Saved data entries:
***

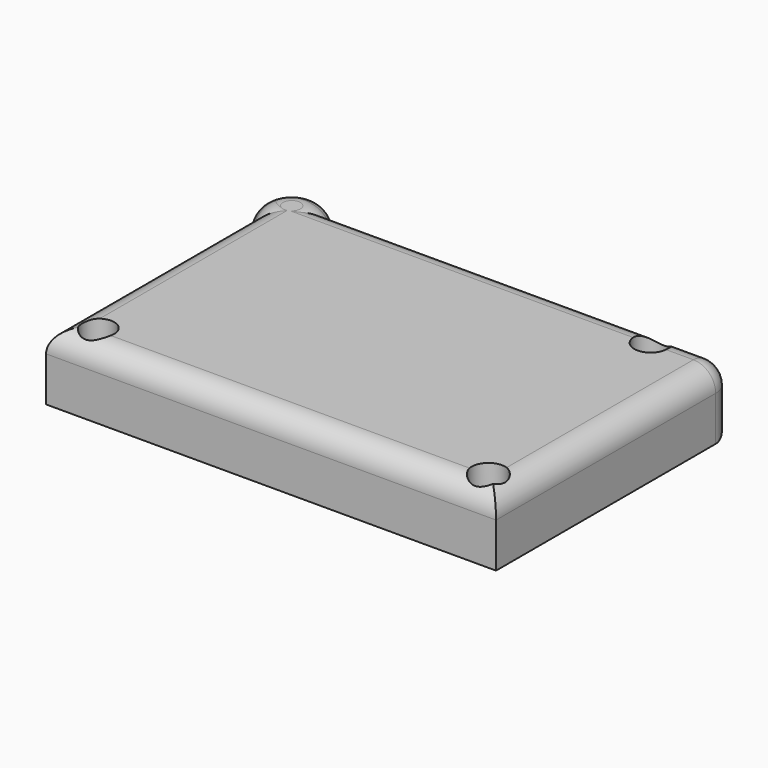
from build123d import *

# Parameters (mm, degrees)
F0_R         = 3.586786404
F0_R_2       = 3.7582992631
F0_R_3       = 3.6865102679
F1_DEPTH     = 15
F2_T1_DEPTH  = 126.0138504207
F2_T3_DEPTH  = 22.5
F2_T5_DEPTH  = 74.126155749
F2_S9_W      = 5
F2_S9_H      = 5
F2_T10_DEPTH = 5
F2_T16_DEPTH = 97.9066217834
F2_S17_R     = 6.9574459714
F2_T18_DEPTH = 51
F2_T22_DEPTH = 82.9931766736
F2_S23_R     = 6.9574459714
F2_T24_DEPTH = 43
F2_T28_ANGLE = 359.64
F2_T34_ANGLE = 359.64
F2_T40_ANGLE = 359.64
F2_T46_DEPTH = 115.4066217834
F2_S47_R     = 6.9574459714
F2_T48_DEPTH = 59
F2_T53_ANGLE = 359.64
F2_T58_DEPTH = 97.9066217834
F2_S59_R     = 6.9574459714
F2_T60_DEPTH = 51
F2_T66_ANGLE = 359.64
F2_T71_DEPTH = 82.9931766736
F2_S72_R     = 6.9574459714
F2_T73_DEPTH = 43


# Not quite as in the source:
# - a fillet or chamfer that OpenCascade refuses, or shapes differently, is made with other operations: its cross-section is extruded or revolved along the edge and cut away or added


with BuildPart() as f1:
    # F0 (on Top) → F1 (new body)
    with BuildSketch(Plane.XY):
        with BuildLine():
            Line((-47.5761555135, 22.2377919602), (-47.5761555135, 30.8707710356))
            Line((-47.5761555135, 30.8707710356), (-36.9689268762, 30.8707710356))
            ThreePointArc((-36.9689268762, 30.8707710356), (-47.4740962985, 32.9453643179), (-47.5761555135, 22.2377919602))
        make_face()
        with BuildLine():
            Line((-36.9689268762, 30.8707710356), (-47.5761555135, 30.8707710356))
            Line((-47.5761555135, 30.8707710356), (-47.5761555135, 22.2377919602))
            ThreePointArc((-47.5761555135, 22.2377919602), (-40.1548216165, 21.2376644422), (-36.1248620528, 27.5492314249))
            ThreePointArc((-36.1248620528, 27.5492314249), (-36.3391791701, 29.2627855393), (-36.9689268762, 30.8707710356))
        make_face()
        with BuildLine():
            Line((53.4376949072, 30.8707710356), (-36.9689268762, 30.8707710356))
            ThreePointArc((-36.9689268762, 30.8707710356), (-36.3391791701, 29.2627855393), (-36.1248620528, 27.5492314249))
            ThreePointArc((-36.1248620528, 27.5492314249), (-40.1548216165, 21.2376644422), (-47.5761555135, 22.2377919602))
            Line((-47.5761555135, 22.2377919602), (-47.5761555135, -35.7553847134))
            Line((-47.5761555135, -35.7553847134), (53.4376949072, -35.7553847134))
            Line((53.4376949072, -35.7553847134), (53.4376949072, 30.8707710356))
        make_face()
        with Locations((-40.5423082411, -29.8938471824)):
            Circle(F0_R, mode=Mode.SUBTRACT)
        with Locations((47.1853874624, -30.089231208)):
            Circle(F0_R_2, mode=Mode.SUBTRACT)
        with Locations((38.5884605348, 26.1815395206)):
            Circle(F0_R_3, mode=Mode.SUBTRACT)
    extrude(amount=F1_DEPTH)

    # F2: fillet of radius 5 on 7 edges, made by hand

    # F2_s2 → F2_t1 (cut)
    with BuildSketch(Plane.YZ.offset(-60.0761555135)):
        with BuildLine():
            ThreePointArc((-35.7553847134, 10), (-34.2909186193, 13.5355339059), (-30.7553847134, 15))
            Line((-30.7553847134, 15), (-35.7553847134, 15))
            Line((-35.7553847134, 15), (-35.7553847134, 10))
        make_face()
    extrude(amount=F2_T1_DEPTH, mode=Mode.SUBTRACT)

    # F2_s4 → F2_t3 (cut)
    with BuildSketch(Plane.XY.offset(-12.5)):
        with BuildLine():
            ThreePointArc((53.4376949072, 25.8707710356), (51.9732288131, 29.4063049415), (48.4376949072, 30.8707710356))
            Line((48.4376949072, 30.8707710356), (53.4376949072, 30.8707710356))
            Line((53.4376949072, 30.8707710356), (53.4376949072, 25.8707710356))
        make_face()
    extrude(amount=F2_T3_DEPTH, mode=Mode.SUBTRACT)

    # F2_s6 → F2_t5 (cut)
    with BuildSketch(Plane.XZ.offset(-25.8707710356)):
        with BuildLine():
            ThreePointArc((53.4376949072, 10), (51.9732288131, 13.5355339059), (48.4376949072, 15))
            Line((48.4376949072, 15), (53.4376949072, 15))
            Line((53.4376949072, 15), (53.4376949072, 10))
        make_face()
    extrude(amount=F2_T5_DEPTH, mode=Mode.SUBTRACT)


with BuildPart() as f2_tool8:
    # F2_s9 → F2_t10 (new body)
    with BuildSketch(Plane.XY.offset(10)):
        with Locations((50.9376949072, 28.3707710356)):
            Rectangle(F2_S9_W, F2_S9_H)
    extrude(amount=F2_T10_DEPTH)

    # F2_s11 → F2_t12 (revolve, cut)
    with BuildSketch(Plane(origin=(48.4376949072, 25.8707710356, 10), x_dir=(-0.7071067812, -0.7071067812, 0), z_dir=(-0.7071067812, 0.7071067812, 0))):
        with BuildLine():
            ThreePointArc((0, -5), (5, 0), (0, 5))
            Line((0, 5), (0, -5))
        make_face()
    revolve(axis=Axis((48.4376949072, 25.8707710356, 10), (0, 0, 1)), mode=Mode.SUBTRACT)


with BuildPart() as f1_1:
    add(f1.part)

    # F2_t7: cut F2_tool8
    add(f2_tool8.part, mode=Mode.SUBTRACT)


with BuildPart() as f2_tool14:
    # F2_s15 → F2_t16 (new body)
    with BuildSketch(Plane.YZ.offset(48.4376949072)):
        with BuildLine():
            ThreePointArc((30.8707710356, 10), (29.4063049415, 13.5355339059), (25.8707710356, 15))
            Line((25.8707710356, 15), (30.8707710356, 15))
            Line((30.8707710356, 15), (30.8707710356, 10))
        make_face()
    extrude(amount=-F2_T16_DEPTH)

    # F2_s17 → F2_t18 (cut, symmetric)
    with BuildSketch(Plane.XY.offset(12.5)):
        with Locations((-43.0823080242, 27.5492314249)):
            Circle(F2_S17_R)
    extrude(amount=F2_T18_DEPTH, both=True, mode=Mode.SUBTRACT)


with BuildPart() as f1_2:
    add(f1_1.part)

    # F2_t13: cut F2_tool14
    add(f2_tool14.part, mode=Mode.SUBTRACT)


with BuildPart() as f2_tool20:
    # F2_s21 → F2_t22 (new body)
    with BuildSketch(Plane.XZ.offset(-34.7377919602)):
        with BuildLine():
            ThreePointArc((-47.5761555135, 10), (-46.1116894195, 13.5355339059), (-42.5761555135, 15))
            Line((-42.5761555135, 15), (-47.5761555135, 15))
            Line((-47.5761555135, 15), (-47.5761555135, 10))
        make_face()
    extrude(amount=F2_T22_DEPTH)

    # F2_s23 → F2_t24 (cut, symmetric)
    with BuildSketch(Plane.XY.offset(12.5)):
        with Locations((-43.0823080242, 27.5492314249)):
            Circle(F2_S23_R)
    extrude(amount=F2_T24_DEPTH, both=True, mode=Mode.SUBTRACT)


with BuildPart() as f1_3:
    add(f1_2.part)

    # F2_t19: cut F2_tool20
    add(f2_tool20.part, mode=Mode.SUBTRACT)


with BuildPart() as f2_tool26:
    # F2_s27 → F2_t28 (revolve)
    with BuildSketch(Plane(origin=(-12.2782997509, -10.0573142374, 0), x_dir=(0, 0, 1), z_dir=(-0.77360415, -0.6336691716, 0))):
        with BuildLine():
            ThreePointArc((10, 41.6546842262), (13.5355339059, 43.1191503203), (15, 46.6546842262))
            Line((15, 46.6546842262), (15, 41.6546842262))
            Line((15, 41.6546842262), (10, 41.6546842262))
        make_face()
    revolve(axis=Axis((-43.0823080242, 27.5492314249, 15), (0, 0, 1)), revolution_arc=F2_T28_ANGLE)

    split(bisect_by=Plane.XZ.offset(-30.8707710356), keep=Keep.TOP)

    split(bisect_by=Plane.YZ.offset(-47.5761555135), keep=Keep.BOTTOM)


with BuildPart() as f1_4:
    add(f1_3.part)

    # F2_t25: cut F2_tool26
    add(f2_tool26.part, mode=Mode.SUBTRACT)


with BuildPart() as f2_tool32:
    # F2_s33 → F2_t34 (revolve)
    with BuildSketch(Plane(origin=(-12.2782997509, -10.0573142374, 0), x_dir=(0, 0, 1), z_dir=(-0.77360415, -0.6336691716, 0))):
        with BuildLine():
            ThreePointArc((10, 41.6546842262), (13.5355339059, 43.1191503203), (15, 46.6546842262))
            Line((15, 46.6546842262), (15, 41.6546842262))
            Line((15, 41.6546842262), (10, 41.6546842262))
        make_face()
    revolve(axis=Axis((-43.0823080242, 27.5492314249, 15), (0, 0, 1)), revolution_arc=F2_T34_ANGLE)

    split(bisect_by=Plane.XZ.offset(-30.8707710356), keep=Keep.BOTTOM)

    split(bisect_by=Plane.YZ.offset(-47.5761555135), keep=Keep.TOP)


with BuildPart() as f1_5:
    add(f1_4.part)

    # F2_t31: cut F2_tool32
    add(f2_tool32.part, mode=Mode.SUBTRACT)


with BuildPart() as f2_tool38:
    # F2_s39 → F2_t40 (revolve)
    with BuildSketch(Plane(origin=(-12.2782997509, -10.0573142374, 0), x_dir=(0, 0, 1), z_dir=(-0.77360415, -0.6336691716, 0))):
        with BuildLine():
            ThreePointArc((10, 41.6546842262), (13.5355339059, 43.1191503203), (15, 46.6546842262))
            Line((15, 46.6546842262), (15, 41.6546842262))
            Line((15, 41.6546842262), (10, 41.6546842262))
        make_face()
    revolve(axis=Axis((-43.0823080242, 27.5492314249, 15), (0, 0, 1)), revolution_arc=F2_T40_ANGLE)

    split(bisect_by=Plane.XZ.offset(-30.8707710356), keep=Keep.BOTTOM)

    split(bisect_by=Plane.YZ.offset(-47.5761555135), keep=Keep.BOTTOM)


with BuildPart() as f1_6:
    add(f1_5.part)

    # F2_t37: cut F2_tool38
    add(f2_tool38.part, mode=Mode.SUBTRACT)


with BuildPart() as f2_tool44:
    # F2_s45 → F2_t46 (new body)
    with BuildSketch(Plane.YZ.offset(65.9376949072)):
        with BuildLine():
            ThreePointArc((30.8707710356, 5), (29.4063049415, 1.4644660941), (25.8707710356, 0))
            Line((25.8707710356, 0), (30.8707710356, 0))
            Line((30.8707710356, 0), (30.8707710356, 5))
        make_face()
    extrude(amount=-F2_T46_DEPTH)

    # F2_s47 → F2_t48 (cut, symmetric)
    with BuildSketch(Plane.XY.offset(2.5)):
        with Locations((-43.0823080242, 27.5492314249)):
            Circle(F2_S47_R)
    extrude(amount=F2_T48_DEPTH, both=True, mode=Mode.SUBTRACT)


with BuildPart() as f1_7:
    add(f1_6.part)

    # F2_t43: cut F2_tool44
    add(f2_tool44.part, mode=Mode.SUBTRACT)


with BuildPart() as f2_tool51:
    # F2_s52 → F2_t53 (revolve)
    with BuildSketch(Plane(origin=(-12.2782997509, -10.0573142374, 0), x_dir=(0, 0, 1), z_dir=(-0.77360415, -0.6336691716, 0))):
        with BuildLine():
            ThreePointArc((10, 41.6546842262), (13.5355339059, 43.1191503203), (15, 46.6546842262))
            Line((15, 46.6546842262), (15, 41.6546842262))
            Line((15, 41.6546842262), (10, 41.6546842262))
        make_face()
    revolve(axis=Axis((-43.0823080242, 27.5492314249, 15), (0, 0, 1)), revolution_arc=F2_T53_ANGLE)

    split(bisect_by=Plane.XZ.offset(-30.8707710356), keep=Keep.TOP)

    split(bisect_by=Plane.YZ.offset(-47.5761555135), keep=Keep.TOP)


with BuildPart() as f2_tool56:
    # F2_s57 → F2_t58 (new body)
    with BuildSketch(Plane.YZ.offset(48.4376949072)):
        with BuildLine():
            ThreePointArc((30.8707710356, 10), (29.4063049415, 13.5355339059), (25.8707710356, 15))
            Line((25.8707710356, 15), (30.8707710356, 15))
            Line((30.8707710356, 15), (30.8707710356, 10))
        make_face()
    extrude(amount=-F2_T58_DEPTH)

    # F2_s59 → F2_t60 (intersect, symmetric)
    with BuildSketch(Plane.XY.offset(12.5)):
        with Locations((-43.0823080242, 27.5492314249)):
            Circle(F2_S59_R)
    extrude(amount=F2_T60_DEPTH, both=True, mode=Mode.INTERSECT)


with BuildPart() as f2_tool51_1:
    add(f2_tool51.part)

    # F2_t61: intersect F2_tool56
    add(f2_tool56.part, mode=Mode.INTERSECT)


with BuildPart() as f1_8:
    add(f1_7.part)

    # F2_t49: cut F2_tool51
    add(f2_tool51_1.part, mode=Mode.SUBTRACT)


with BuildPart() as f2_tool64:
    # F2_s65 → F2_t66 (revolve)
    with BuildSketch(Plane(origin=(-12.2782997509, -10.0573142374, 0), x_dir=(0, 0, 1), z_dir=(-0.77360415, -0.6336691716, 0))):
        with BuildLine():
            ThreePointArc((10, 41.6546842262), (13.5355339059, 43.1191503203), (15, 46.6546842262))
            Line((15, 46.6546842262), (15, 41.6546842262))
            Line((15, 41.6546842262), (10, 41.6546842262))
        make_face()
    revolve(axis=Axis((-43.0823080242, 27.5492314249, 15), (0, 0, 1)), revolution_arc=F2_T66_ANGLE)

    split(bisect_by=Plane.XZ.offset(-30.8707710356), keep=Keep.TOP)

    split(bisect_by=Plane.YZ.offset(-47.5761555135), keep=Keep.TOP)


with BuildPart() as f2_tool69:
    # F2_s70 → F2_t71 (new body)
    with BuildSketch(Plane.XZ.offset(-34.7377919602)):
        with BuildLine():
            ThreePointArc((-47.5761555135, 10), (-46.1116894195, 13.5355339059), (-42.5761555135, 15))
            Line((-42.5761555135, 15), (-47.5761555135, 15))
            Line((-47.5761555135, 15), (-47.5761555135, 10))
        make_face()
    extrude(amount=F2_T71_DEPTH)

    # F2_s72 → F2_t73 (intersect, symmetric)
    with BuildSketch(Plane.XY.offset(12.5)):
        with Locations((-43.0823080242, 27.5492314249)):
            Circle(F2_S72_R)
    extrude(amount=F2_T73_DEPTH, both=True, mode=Mode.INTERSECT)


with BuildPart() as f2_tool64_1:
    add(f2_tool64.part)

    # F2_t74: intersect F2_tool69
    add(f2_tool69.part, mode=Mode.INTERSECT)


with BuildPart() as f1_9:
    add(f1_8.part)

    # F2_t62: cut F2_tool64
    add(f2_tool64_1.part, mode=Mode.SUBTRACT)


solid = f1_9.part

***

About this exercise:
All pictures are to be skipped; the lines from the first line of the records through the line containing "# Not quite" are to be repeated exactly, both ends included.

Solution for this exercise:
from build123d import *

# Parameters (mm, degrees)
F0_R         = 3.586786404
F0_R_2       = 3.7582992631
F0_R_3       = 3.6865102679
F1_DEPTH     = 15
F2_T1_DEPTH  = 126.0138504207
F2_T3_DEPTH  = 22.5
F2_T5_DEPTH  = 74.126155749
F2_S9_W      = 5
F2_S9_H      = 5
F2_T10_DEPTH = 5
F2_T16_DEPTH = 97.9066217834
F2_S17_R     = 6.9574459714
F2_T18_DEPTH = 51
F2_T22_DEPTH = 82.9931766736
F2_S23_R     = 6.9574459714
F2_T24_DEPTH = 43
F2_T28_ANGLE = 359.64
F2_T34_ANGLE = 359.64
F2_T40_ANGLE = 359.64
F2_T46_DEPTH = 115.4066217834
F2_S47_R     = 6.9574459714
F2_T48_DEPTH = 59
F2_T53_ANGLE = 359.64
F2_T58_DEPTH = 97.9066217834
F2_S59_R     = 6.9574459714
F2_T60_DEPTH = 51
F2_T66_ANGLE = 359.64
F2_T71_DEPTH = 82.9931766736
F2_S72_R     = 6.9574459714
F2_T73_DEPTH = 43


# Not quite as in the source:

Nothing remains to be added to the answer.